High Performance (or Pressure) Liquid Chromatography (HPLC) uses analytical chemistry to determine the presence of and estimate the concentration of numerous substances. To separate and identify individual components in a sample, HPLC uses known chemical characteristics.
- In HPLC testing, a liquid solvent (mobile phase) is pushed by pressure through a material-packed column (stationary phase). To test a substance, a sample is injected into the solvent before it enters the column. HPLC test results are based on the time it takes for components to move through the column at a given pressure.
- Each component's affinity for the column’s packing materials determines its retention time in the stationary phase. Minuscule beads are packed into the column, increasing the contact surface area to attract the sought-after molecules in the sample.
- A detector is hooked up to the base of the column. (The solvent used in the mobile phase is the detector’s baseline.) The detector detects and graphs components (y-axis) against elapsed time (x-axis) from the initial sample injection.
- The graphed peak at a known standard time for an individual component identifies the component and, based on the detector, quantifies the concentration. The component concentration is quantified using known chemical principles and by calculating the area under the peaked parabola.
- Instead of using pressure to push the solvent through the column, basic liquid chromatography (LC) uses gravity or adhesion/cohesion properties. LC testing involves uncomplicated equipment and is, therefore, less costly. However, HPLC significantly reduces testing time to provide quick and accurate results for time sensitive-testing needs.
HPLC Analytical Techniques
In an HPLC system, the solvents used in the mobile phase and the packing materials in the stationary phase can be altered based on testing needs. HPLC columns and solvents can be arranged to test components based on polarity, ionization, and particle size.
Polarity
Normal Phase HPLC
Normal phase HPLC testing tests for non-polar molecules that easily mix with or dissolve in non-polar solvents. In normal phase HPLC testing, the column is packed with silica (polar) to allow non-polar molecules to quickly pass through the stationary phase. The polar ones are retained by their attraction to the silica.

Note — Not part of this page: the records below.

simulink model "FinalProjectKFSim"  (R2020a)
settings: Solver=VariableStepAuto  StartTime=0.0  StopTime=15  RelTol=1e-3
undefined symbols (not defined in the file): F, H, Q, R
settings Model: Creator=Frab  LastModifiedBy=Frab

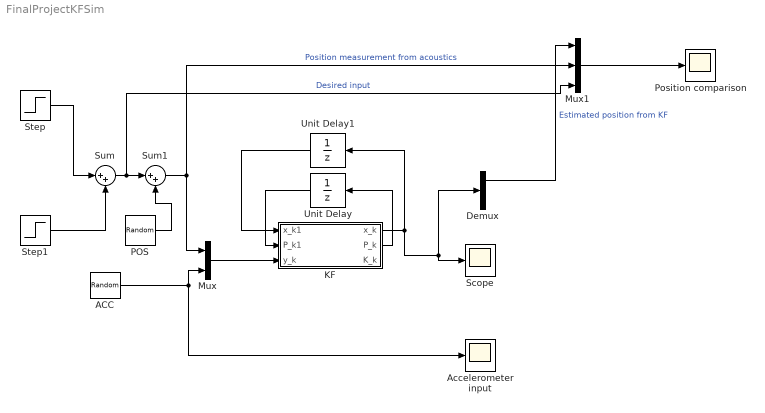
== system FinalProjectKFSim ==
  ACC : RandomNumber  Mean=100  Variance=13.82  SampleTime=0.1
  Accelerometer input : Scope
  Demux : Demux  Outputs=3
  KF : Subsystem
  Mux : Mux  Inputs=2
  Mux1 : Mux  Inputs=3
  POS : RandomNumber  Variance=39.61  SampleTime=.1
  Position comparison : Scope
  Scope : Scope
  Step : Step  After=50  SampleTime=0
  Step1 : Step  Time=5  After=-25  SampleTime=0
  Sum : Sum  Inputs=|++
  Sum1 : Sum  Inputs=|++
  Unit Delay : UnitDelay  InitialCondition=eye(3)  SampleTime=-1  HasFrameUpgradeWarning=on
  Unit Delay1 : UnitDelay  InitialCondition=[0; 0; 0]  SampleTime=-1  HasFrameUpgradeWarning=on
  wires:
  ACC/1 -> Accelerometer input/1, Mux/2
  Mux/1 -> KF/3(y_k)
  KF/1(x_k) -> Demux/1, Scope/1, Unit Delay1/1
  KF/2(P_k) -> Unit Delay/1
  Unit Delay/1 -> KF/2(P_k1)
  Unit Delay1/1 -> KF/1(x_k1)
  Step/1 -> Sum/1
  Demux/1 -> Mux1/1  "Estimated position from KF"
  Mux1/1 -> Position comparison/1
  Sum/1 -> Mux1/3, Sum1/1  "Desired input"
  POS/1 -> Sum1/2
  Step1/1 -> Sum/2
  Sum1/1 -> Mux/1, Mux1/2  "Position measurement from acoustics"

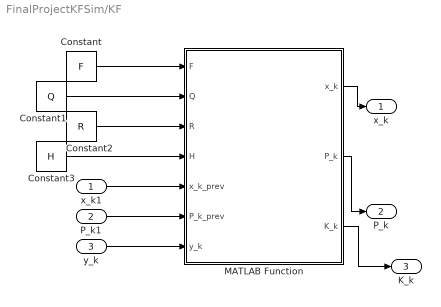
== system FinalProjectKFSim/KF ==
  x_k1 : Inport
  P_k1 : Inport  Port=2
  y_k : Inport  Port=3
  Constant : Constant  Value=F  VectorParams1D=off
  Constant1 : Constant  Value=Q  VectorParams1D=off
  Constant2 : Constant  Value=R  VectorParams1D=off
  Constant3 : Constant  Value=H  VectorParams1D=off
  MATLAB Function : MATLAB Function  TreatAsAtomicUnit=on
  x_k : Outport
  P_k : Outport  Port=2
  K_k : Outport  Port=3
  wires:
  x_k1/1 -> MATLAB Function/5(x_k_prev)
  P_k1/1 -> MATLAB Function/6(P_k_prev)
  y_k/1 -> MATLAB Function/7(y_k)
  MATLAB Function/2(P_k) -> P_k/1
  MATLAB Function/1(x_k) -> x_k/1
  Constant3/1 -> MATLAB Function/4(H)
  Constant2/1 -> MATLAB Function/3(R)
  Constant1/1 -> MATLAB Function/2(Q)
  Constant/1 -> MATLAB Function/1(F)
  MATLAB Function/3(K_k) -> K_k/1

== matlab function FinalProjectKFSim/KF/MATLAB Function ==
  data: F input; x_k output; Q input; R input; H input; x_k_prev input; P_k_prev input; y_k input; P_k output; K_k output
function [x_k, P_k, K_k] = KF(F, Q, R, H, x_k_prev, P_k_prev, y_k)
    x_k_m = F * x_k_prev;
    P_k_m = F * P_k_prev * (F') + Q;
    
    W_k = H * P_k_m * (H') + R;
    K_k = P_k_m * (H') * (W_k)^(-1);
    y_k_m = H * x_k_m;
    x_k = x_k_m + K_k * (y_k - y_k_m);
    P_k = P_k_m - K_k * H * P_k_m - P_k_m * (H') * (K_k') + K_k * W_k * (K_k');

end

This is the oldest LC technique and, as such, was given the name ‘Normal Phase’ even though it is not as commonly used today. It works well to separate and detect phospholipids.
Mikhail Tsweet, a Russian botanist, in the early 1900s developed LC. He filled an open column with either powdered chalk or alumina and poured in his solvent extract of specific plant leaves. As the solvent extract passed through the column, it separated into colored bands based on each component's retention time.
Reversed-Phase HPLC
Developed in the 1970s, Reversed-Phase HPLC simply reverses the polarity of the mobile and stationary phases to detect and quantify polar molecules. This is the most commonly used HPLC method. It works well to detect and quantify organic substances, including carbohydrates, vitamins, and amino acids proteins.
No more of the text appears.